第123回国会(常会)
質問第一六号
首都圏での環境保全等に関する質問主意書 右の質問主意書を国会法第七十四条によって提出する。 平成四年五月二十一日 上田 耕一郎
首都圏での環境保全等に関する質問主意書 いま、地球環境の保全が国際的課題となっているが、そのためには何よりも日本での環境破壊の進行を阻止し、環境保全を図ることが急務となっている。
一、政府は、九〇年に「地球温暖化防止行動計画」を策定したが、東京ではこの「行動計画」にすら逆行する諸計画が進行している。東京の臨海部開発がヒートアイランド現象、自動車交通量の増加を誘発する危険性は、環境庁によっても指摘されている。東京で唯一貴重な緑を残した三多摩地域では、業務核都市の形成を軸とした開発が推進され、緑地の大幅な減少が進行している。
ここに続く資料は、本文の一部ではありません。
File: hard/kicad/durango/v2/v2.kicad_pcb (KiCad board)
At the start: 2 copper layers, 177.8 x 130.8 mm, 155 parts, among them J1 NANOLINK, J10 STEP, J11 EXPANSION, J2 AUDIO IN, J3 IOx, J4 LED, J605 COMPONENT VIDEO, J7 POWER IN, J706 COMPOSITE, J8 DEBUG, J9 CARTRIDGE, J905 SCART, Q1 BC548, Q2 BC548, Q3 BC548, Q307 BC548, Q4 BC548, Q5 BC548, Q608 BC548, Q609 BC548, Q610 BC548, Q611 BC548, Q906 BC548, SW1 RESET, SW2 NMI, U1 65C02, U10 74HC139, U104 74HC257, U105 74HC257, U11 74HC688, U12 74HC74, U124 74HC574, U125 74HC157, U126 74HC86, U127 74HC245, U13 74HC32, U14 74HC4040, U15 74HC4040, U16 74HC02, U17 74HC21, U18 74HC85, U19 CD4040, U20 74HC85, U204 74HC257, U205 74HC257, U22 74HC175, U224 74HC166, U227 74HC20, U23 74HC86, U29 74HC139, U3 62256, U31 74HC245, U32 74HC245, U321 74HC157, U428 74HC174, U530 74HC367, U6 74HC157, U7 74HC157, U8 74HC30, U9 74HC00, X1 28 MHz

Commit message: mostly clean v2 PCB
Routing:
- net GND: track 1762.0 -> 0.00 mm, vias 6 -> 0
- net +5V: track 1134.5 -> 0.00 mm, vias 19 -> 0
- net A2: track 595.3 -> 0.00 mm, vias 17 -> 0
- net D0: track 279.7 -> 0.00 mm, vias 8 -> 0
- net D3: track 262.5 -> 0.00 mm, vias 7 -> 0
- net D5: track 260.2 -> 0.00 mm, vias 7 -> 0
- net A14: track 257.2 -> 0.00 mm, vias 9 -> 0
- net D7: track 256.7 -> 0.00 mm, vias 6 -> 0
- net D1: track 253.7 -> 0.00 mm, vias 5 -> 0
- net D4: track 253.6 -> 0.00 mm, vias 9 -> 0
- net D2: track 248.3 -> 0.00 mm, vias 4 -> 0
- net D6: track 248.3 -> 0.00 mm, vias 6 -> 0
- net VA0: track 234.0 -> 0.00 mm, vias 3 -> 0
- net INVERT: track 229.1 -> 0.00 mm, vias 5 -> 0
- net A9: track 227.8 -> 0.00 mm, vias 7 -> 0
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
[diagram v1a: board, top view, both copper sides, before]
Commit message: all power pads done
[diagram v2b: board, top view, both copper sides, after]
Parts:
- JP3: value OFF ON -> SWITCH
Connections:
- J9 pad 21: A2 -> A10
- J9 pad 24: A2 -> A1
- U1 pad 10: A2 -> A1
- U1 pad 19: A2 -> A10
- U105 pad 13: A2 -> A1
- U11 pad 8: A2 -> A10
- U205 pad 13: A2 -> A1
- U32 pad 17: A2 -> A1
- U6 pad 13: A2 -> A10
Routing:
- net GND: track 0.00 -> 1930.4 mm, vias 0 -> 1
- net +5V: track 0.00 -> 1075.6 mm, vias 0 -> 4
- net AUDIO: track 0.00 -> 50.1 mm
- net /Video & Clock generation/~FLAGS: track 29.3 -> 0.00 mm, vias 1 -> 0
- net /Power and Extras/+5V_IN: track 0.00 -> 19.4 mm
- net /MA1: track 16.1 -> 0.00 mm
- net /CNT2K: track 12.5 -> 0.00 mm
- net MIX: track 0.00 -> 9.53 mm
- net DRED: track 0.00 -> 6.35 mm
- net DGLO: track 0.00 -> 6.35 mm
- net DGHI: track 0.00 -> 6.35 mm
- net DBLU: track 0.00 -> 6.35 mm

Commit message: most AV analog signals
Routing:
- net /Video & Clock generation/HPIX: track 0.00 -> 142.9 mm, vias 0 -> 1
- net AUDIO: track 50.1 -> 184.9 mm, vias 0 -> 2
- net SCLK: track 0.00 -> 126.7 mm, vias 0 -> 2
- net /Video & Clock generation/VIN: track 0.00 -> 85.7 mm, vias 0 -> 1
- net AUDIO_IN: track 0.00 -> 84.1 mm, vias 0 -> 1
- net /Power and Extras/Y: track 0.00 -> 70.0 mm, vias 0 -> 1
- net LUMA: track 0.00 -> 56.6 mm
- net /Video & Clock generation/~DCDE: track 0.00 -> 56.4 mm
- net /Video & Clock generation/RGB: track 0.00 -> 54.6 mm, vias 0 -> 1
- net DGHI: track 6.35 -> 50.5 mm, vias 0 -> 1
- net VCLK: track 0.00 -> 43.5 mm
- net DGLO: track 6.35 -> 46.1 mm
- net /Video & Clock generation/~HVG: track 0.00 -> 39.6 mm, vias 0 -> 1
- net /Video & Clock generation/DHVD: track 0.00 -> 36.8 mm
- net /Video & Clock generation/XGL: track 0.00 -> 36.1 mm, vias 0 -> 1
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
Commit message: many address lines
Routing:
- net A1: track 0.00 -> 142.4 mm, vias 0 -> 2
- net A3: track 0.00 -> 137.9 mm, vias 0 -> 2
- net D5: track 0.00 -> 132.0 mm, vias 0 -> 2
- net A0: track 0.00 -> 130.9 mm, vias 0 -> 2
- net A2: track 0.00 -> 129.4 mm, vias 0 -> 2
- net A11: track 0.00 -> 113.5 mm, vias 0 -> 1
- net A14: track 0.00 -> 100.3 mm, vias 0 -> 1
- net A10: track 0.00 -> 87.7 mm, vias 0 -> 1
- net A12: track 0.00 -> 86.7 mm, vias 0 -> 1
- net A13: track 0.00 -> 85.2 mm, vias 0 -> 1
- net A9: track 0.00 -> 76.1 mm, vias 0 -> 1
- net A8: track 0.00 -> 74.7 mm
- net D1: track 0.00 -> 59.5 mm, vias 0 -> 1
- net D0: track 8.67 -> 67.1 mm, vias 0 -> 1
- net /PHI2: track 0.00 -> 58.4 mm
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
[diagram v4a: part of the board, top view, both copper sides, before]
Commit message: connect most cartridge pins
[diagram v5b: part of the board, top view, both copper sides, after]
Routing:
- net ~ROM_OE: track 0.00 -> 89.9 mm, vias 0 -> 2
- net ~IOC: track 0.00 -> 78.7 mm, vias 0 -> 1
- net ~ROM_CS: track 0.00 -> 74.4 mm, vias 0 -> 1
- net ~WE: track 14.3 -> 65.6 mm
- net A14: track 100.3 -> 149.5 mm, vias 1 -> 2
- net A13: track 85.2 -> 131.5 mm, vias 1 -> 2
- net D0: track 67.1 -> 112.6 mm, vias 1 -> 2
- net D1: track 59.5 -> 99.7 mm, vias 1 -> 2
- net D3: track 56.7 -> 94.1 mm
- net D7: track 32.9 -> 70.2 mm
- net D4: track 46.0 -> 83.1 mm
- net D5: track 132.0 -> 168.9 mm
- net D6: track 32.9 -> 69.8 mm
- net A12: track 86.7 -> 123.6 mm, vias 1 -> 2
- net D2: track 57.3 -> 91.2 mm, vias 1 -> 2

二、東京では、政府、東京都の諸施策にもかかわらず、二酸化窒素、浮遊粒子状物質の環境基準はいまだ達成されていない。その最大の原因は自動車交通量の増加、特にディーゼル車の増加である。
三、一九八七年、公害健康被害補償法が改悪され、新たな公害患者の認定が行われなくなったが、東京始め大都市部での大気汚染は悪化が進み、環境基準を超える地域が拡大している。政府は八七年以降の東京における大気汚染の現状、東京都が独自で行っている公害患者認定数の推移、公害患者の死亡数の推移をどのように認識しているのか。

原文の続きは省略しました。